- Task goal: Could you transcribe every entry exactly, leaving nothing out?

*** Records supplied Section Begins ***

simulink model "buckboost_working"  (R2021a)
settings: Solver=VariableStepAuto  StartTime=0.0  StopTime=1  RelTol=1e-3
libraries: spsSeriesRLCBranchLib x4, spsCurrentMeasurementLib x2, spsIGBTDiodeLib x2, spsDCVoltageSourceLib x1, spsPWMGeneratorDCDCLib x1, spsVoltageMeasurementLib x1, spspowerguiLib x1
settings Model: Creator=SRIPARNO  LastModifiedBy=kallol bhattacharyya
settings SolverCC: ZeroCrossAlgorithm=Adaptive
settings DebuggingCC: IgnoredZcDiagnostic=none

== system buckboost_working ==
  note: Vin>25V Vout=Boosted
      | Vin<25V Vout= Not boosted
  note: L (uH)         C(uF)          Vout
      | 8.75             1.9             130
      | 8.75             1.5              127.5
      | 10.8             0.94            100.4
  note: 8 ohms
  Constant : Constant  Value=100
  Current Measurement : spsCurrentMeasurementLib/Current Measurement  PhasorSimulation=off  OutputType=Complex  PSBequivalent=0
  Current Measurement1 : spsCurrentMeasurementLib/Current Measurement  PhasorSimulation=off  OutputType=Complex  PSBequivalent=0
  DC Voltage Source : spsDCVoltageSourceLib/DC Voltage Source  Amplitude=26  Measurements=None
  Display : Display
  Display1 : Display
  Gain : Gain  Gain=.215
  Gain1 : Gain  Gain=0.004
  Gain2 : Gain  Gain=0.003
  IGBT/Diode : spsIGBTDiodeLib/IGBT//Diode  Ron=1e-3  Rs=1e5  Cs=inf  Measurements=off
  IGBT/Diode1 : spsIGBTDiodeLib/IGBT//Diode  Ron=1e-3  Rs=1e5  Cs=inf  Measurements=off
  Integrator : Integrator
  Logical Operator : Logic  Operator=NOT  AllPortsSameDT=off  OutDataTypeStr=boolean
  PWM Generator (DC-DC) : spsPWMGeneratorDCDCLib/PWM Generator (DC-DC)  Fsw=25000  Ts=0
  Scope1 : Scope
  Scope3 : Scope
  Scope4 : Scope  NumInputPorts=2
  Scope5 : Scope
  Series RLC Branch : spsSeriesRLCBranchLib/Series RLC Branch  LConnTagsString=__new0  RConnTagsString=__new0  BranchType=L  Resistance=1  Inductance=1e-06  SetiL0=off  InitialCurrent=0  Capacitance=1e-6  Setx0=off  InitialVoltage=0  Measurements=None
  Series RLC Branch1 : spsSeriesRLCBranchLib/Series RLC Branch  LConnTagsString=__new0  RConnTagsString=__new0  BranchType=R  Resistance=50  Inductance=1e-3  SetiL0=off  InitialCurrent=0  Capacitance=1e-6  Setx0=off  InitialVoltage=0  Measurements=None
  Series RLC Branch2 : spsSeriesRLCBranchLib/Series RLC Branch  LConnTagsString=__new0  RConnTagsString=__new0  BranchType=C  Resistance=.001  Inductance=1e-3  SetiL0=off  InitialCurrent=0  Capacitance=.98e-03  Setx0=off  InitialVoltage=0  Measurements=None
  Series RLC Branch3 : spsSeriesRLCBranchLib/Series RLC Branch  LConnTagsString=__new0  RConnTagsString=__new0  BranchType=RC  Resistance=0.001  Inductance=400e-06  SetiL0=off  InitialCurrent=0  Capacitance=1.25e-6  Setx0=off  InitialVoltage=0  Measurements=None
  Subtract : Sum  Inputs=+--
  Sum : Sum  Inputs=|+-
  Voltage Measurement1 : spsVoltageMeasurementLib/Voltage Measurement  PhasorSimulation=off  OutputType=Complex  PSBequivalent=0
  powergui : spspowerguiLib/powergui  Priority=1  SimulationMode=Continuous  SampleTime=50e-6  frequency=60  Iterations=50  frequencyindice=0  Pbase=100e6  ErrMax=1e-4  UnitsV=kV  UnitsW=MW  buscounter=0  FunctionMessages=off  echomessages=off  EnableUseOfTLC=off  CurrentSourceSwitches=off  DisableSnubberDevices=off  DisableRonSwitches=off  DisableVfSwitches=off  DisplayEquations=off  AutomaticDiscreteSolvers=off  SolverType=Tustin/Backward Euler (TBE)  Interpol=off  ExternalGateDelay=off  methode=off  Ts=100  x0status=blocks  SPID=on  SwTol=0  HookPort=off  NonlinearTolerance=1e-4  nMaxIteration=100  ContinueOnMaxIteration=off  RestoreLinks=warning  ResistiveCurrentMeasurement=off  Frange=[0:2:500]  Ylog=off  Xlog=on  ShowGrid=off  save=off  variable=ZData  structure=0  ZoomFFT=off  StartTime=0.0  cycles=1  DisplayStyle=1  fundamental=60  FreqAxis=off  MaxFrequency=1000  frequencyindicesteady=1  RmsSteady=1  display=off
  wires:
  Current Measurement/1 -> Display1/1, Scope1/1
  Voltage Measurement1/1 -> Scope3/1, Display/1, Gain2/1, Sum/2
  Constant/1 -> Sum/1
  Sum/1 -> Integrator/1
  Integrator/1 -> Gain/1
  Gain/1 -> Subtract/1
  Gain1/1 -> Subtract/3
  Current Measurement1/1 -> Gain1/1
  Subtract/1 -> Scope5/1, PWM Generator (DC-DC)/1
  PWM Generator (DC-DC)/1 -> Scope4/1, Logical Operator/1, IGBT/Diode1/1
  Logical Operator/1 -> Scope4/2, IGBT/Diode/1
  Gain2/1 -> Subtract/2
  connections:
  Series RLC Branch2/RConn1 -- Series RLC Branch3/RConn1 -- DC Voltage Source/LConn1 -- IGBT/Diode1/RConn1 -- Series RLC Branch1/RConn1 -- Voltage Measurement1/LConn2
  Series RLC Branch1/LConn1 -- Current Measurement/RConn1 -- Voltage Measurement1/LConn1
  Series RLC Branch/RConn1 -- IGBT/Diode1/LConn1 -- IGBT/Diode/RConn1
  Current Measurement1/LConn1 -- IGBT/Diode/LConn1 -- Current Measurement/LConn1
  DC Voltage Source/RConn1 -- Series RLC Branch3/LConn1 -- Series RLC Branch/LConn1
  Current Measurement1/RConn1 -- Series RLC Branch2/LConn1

*** Records supplied Section Ends ***

- Written answer:
simulink model "buckboost_working"  (R2021a)
settings: Solver=VariableStepAuto  StartTime=0.0  StopTime=1  RelTol=1e-3
libraries: spsSeriesRLCBranchLib x4, spsCurrentMeasurementLib x2, spsIGBTDiodeLib x2, spsDCVoltageSourceLib x1, spsPWMGeneratorDCDCLib x1, spsVoltageMeasurementLib x1, spspowerguiLib x1
settings Model: Creator=SRIPARNO  LastModifiedBy=kallol bhattacharyya
settings SolverCC: ZeroCrossAlgorithm=Adaptive
settings DebuggingCC: IgnoredZcDiagnostic=none

== system buckboost_working ==
  note: Vin>25V Vout=Boosted
      | Vin<25V Vout= Not boosted
  note: L (uH)         C(uF)          Vout
      | 8.75             1.9             130
      | 8.75             1.5              127.5
      | 10.8             0.94            100.4
  note: 8 ohms
  Constant : Constant  Value=100
  Current Measurement : spsCurrentMeasurementLib/Current Measurement  PhasorSimulation=off  OutputType=Complex  PSBequivalent=0
  Current Measurement1 : spsCurrentMeasurementLib/Current Measurement  PhasorSimulation=off  OutputType=Complex  PSBequivalent=0
  DC Voltage Source : spsDCVoltageSourceLib/DC Voltage Source  Amplitude=26  Measurements=None
  Display : Display
  Display1 : Display
  Gain : Gain  Gain=.215
  Gain1 : Gain  Gain=0.004
  Gain2 : Gain  Gain=0.003
  IGBT/Diode : spsIGBTDiodeLib/IGBT//Diode  Ron=1e-3  Rs=1e5  Cs=inf  Measurements=off
  IGBT/Diode1 : spsIGBTDiodeLib/IGBT//Diode  Ron=1e-3  Rs=1e5  Cs=inf  Measurements=off
  Integrator : Integrator
  Logical Operator : Logic  Operator=NOT  AllPortsSameDT=off  OutDataTypeStr=boolean
  PWM Generator (DC-DC) : spsPWMGeneratorDCDCLib/PWM Generator (DC-DC)  Fsw=25000  Ts=0
  Scope1 : Scope
  Scope3 : Scope
  Scope4 : Scope  NumInputPorts=2
  Scope5 : Scope
  Series RLC Branch : spsSeriesRLCBranchLib/Series RLC Branch  LConnTagsString=__new0  RConnTagsString=__new0  BranchType=L  Resistance=1  Inductance=1e-06  SetiL0=off  InitialCurrent=0  Capacitance=1e-6  Setx0=off  InitialVoltage=0  Measurements=None
  Series RLC Branch1 : spsSeriesRLCBranchLib/Series RLC Branch  LConnTagsString=__new0  RConnTagsString=__new0  BranchType=R  Resistance=50  Inductance=1e-3  SetiL0=off  InitialCurrent=0  Capacitance=1e-6  Setx0=off  InitialVoltage=0  Measurements=None
  Series RLC Branch2 : spsSeriesRLCBranchLib/Series RLC Branch  LConnTagsString=__new0  RConnTagsString=__new0  BranchType=C  Resistance=.001  Inductance=1e-3  SetiL0=off  InitialCurrent=0  Capacitance=.98e-03  Setx0=off  InitialVoltage=0  Measurements=None
  Series RLC Branch3 : spsSeriesRLCBranchLib/Series RLC Branch  LConnTagsString=__new0  RConnTagsString=__new0  BranchType=RC  Resistance=0.001  Inductance=400e-06  SetiL0=off  InitialCurrent=0  Capacitance=1.25e-6  Setx0=off  InitialVoltage=0  Measurements=None
  Subtract : Sum  Inputs=+--
  Sum : Sum  Inputs=|+-
  Voltage Measurement1 : spsVoltageMeasurementLib/Voltage Measurement  PhasorSimulation=off  OutputType=Complex  PSBequivalent=0
  powergui : spspowerguiLib/powergui  Priority=1  SimulationMode=Continuous  SampleTime=50e-6  frequency=60  Iterations=50  frequencyindice=0  Pbase=100e6  ErrMax=1e-4  UnitsV=kV  UnitsW=MW  buscounter=0  FunctionMessages=off  echomessages=off  EnableUseOfTLC=off  CurrentSourceSwitches=off  DisableSnubberDevices=off  DisableRonSwitches=off  DisableVfSwitches=off  DisplayEquations=off  AutomaticDiscreteSolvers=off  SolverType=Tustin/Backward Euler (TBE)  Interpol=off  ExternalGateDelay=off  methode=off  Ts=100  x0status=blocks  SPID=on  SwTol=0  HookPort=off  NonlinearTolerance=1e-4  nMaxIteration=100  ContinueOnMaxIteration=off  RestoreLinks=warning  ResistiveCurrentMeasurement=off  Frange=[0:2:500]  Ylog=off  Xlog=on  ShowGrid=off  save=off  variable=ZData  structure=0  ZoomFFT=off  StartTime=0.0  cycles=1  DisplayStyle=1  fundamental=60  FreqAxis=off  MaxFrequency=1000  frequencyindicesteady=1  RmsSteady=1  display=off
  wires:
  Current Measurement/1 -> Display1/1, Scope1/1
  Voltage Measurement1/1 -> Scope3/1, Display/1, Gain2/1, Sum/2
  Constant/1 -> Sum/1
  Sum/1 -> Integrator/1
  Integrator/1 -> Gain/1
  Gain/1 -> Subtract/1
  Gain1/1 -> Subtract/3
  Current Measurement1/1 -> Gain1/1
  Subtract/1 -> Scope5/1, PWM Generator (DC-DC)/1
  PWM Generator (DC-DC)/1 -> Scope4/1, Logical Operator/1, IGBT/Diode1/1
  Logical Operator/1 -> Scope4/2, IGBT/Diode/1
  Gain2/1 -> Subtract/2
  connections:
  Series RLC Branch2/RConn1 -- Series RLC Branch3/RConn1 -- DC Voltage Source/LConn1 -- IGBT/Diode1/RConn1 -- Series RLC Branch1/RConn1 -- Voltage Measurement1/LConn2
  Series RLC Branch1/LConn1 -- Current Measurement/RConn1 -- Voltage Measurement1/LConn1
  Series RLC Branch/RConn1 -- IGBT/Diode1/LConn1 -- IGBT/Diode/RConn1
  Current Measurement1/LConn1 -- IGBT/Diode/LConn1 -- Current Measurement/LConn1
  DC Voltage Source/RConn1 -- Series RLC Branch3/LConn1 -- Series RLC Branch/LConn1
  Current Measurement1/RConn1 -- Series RLC Branch2/LConn1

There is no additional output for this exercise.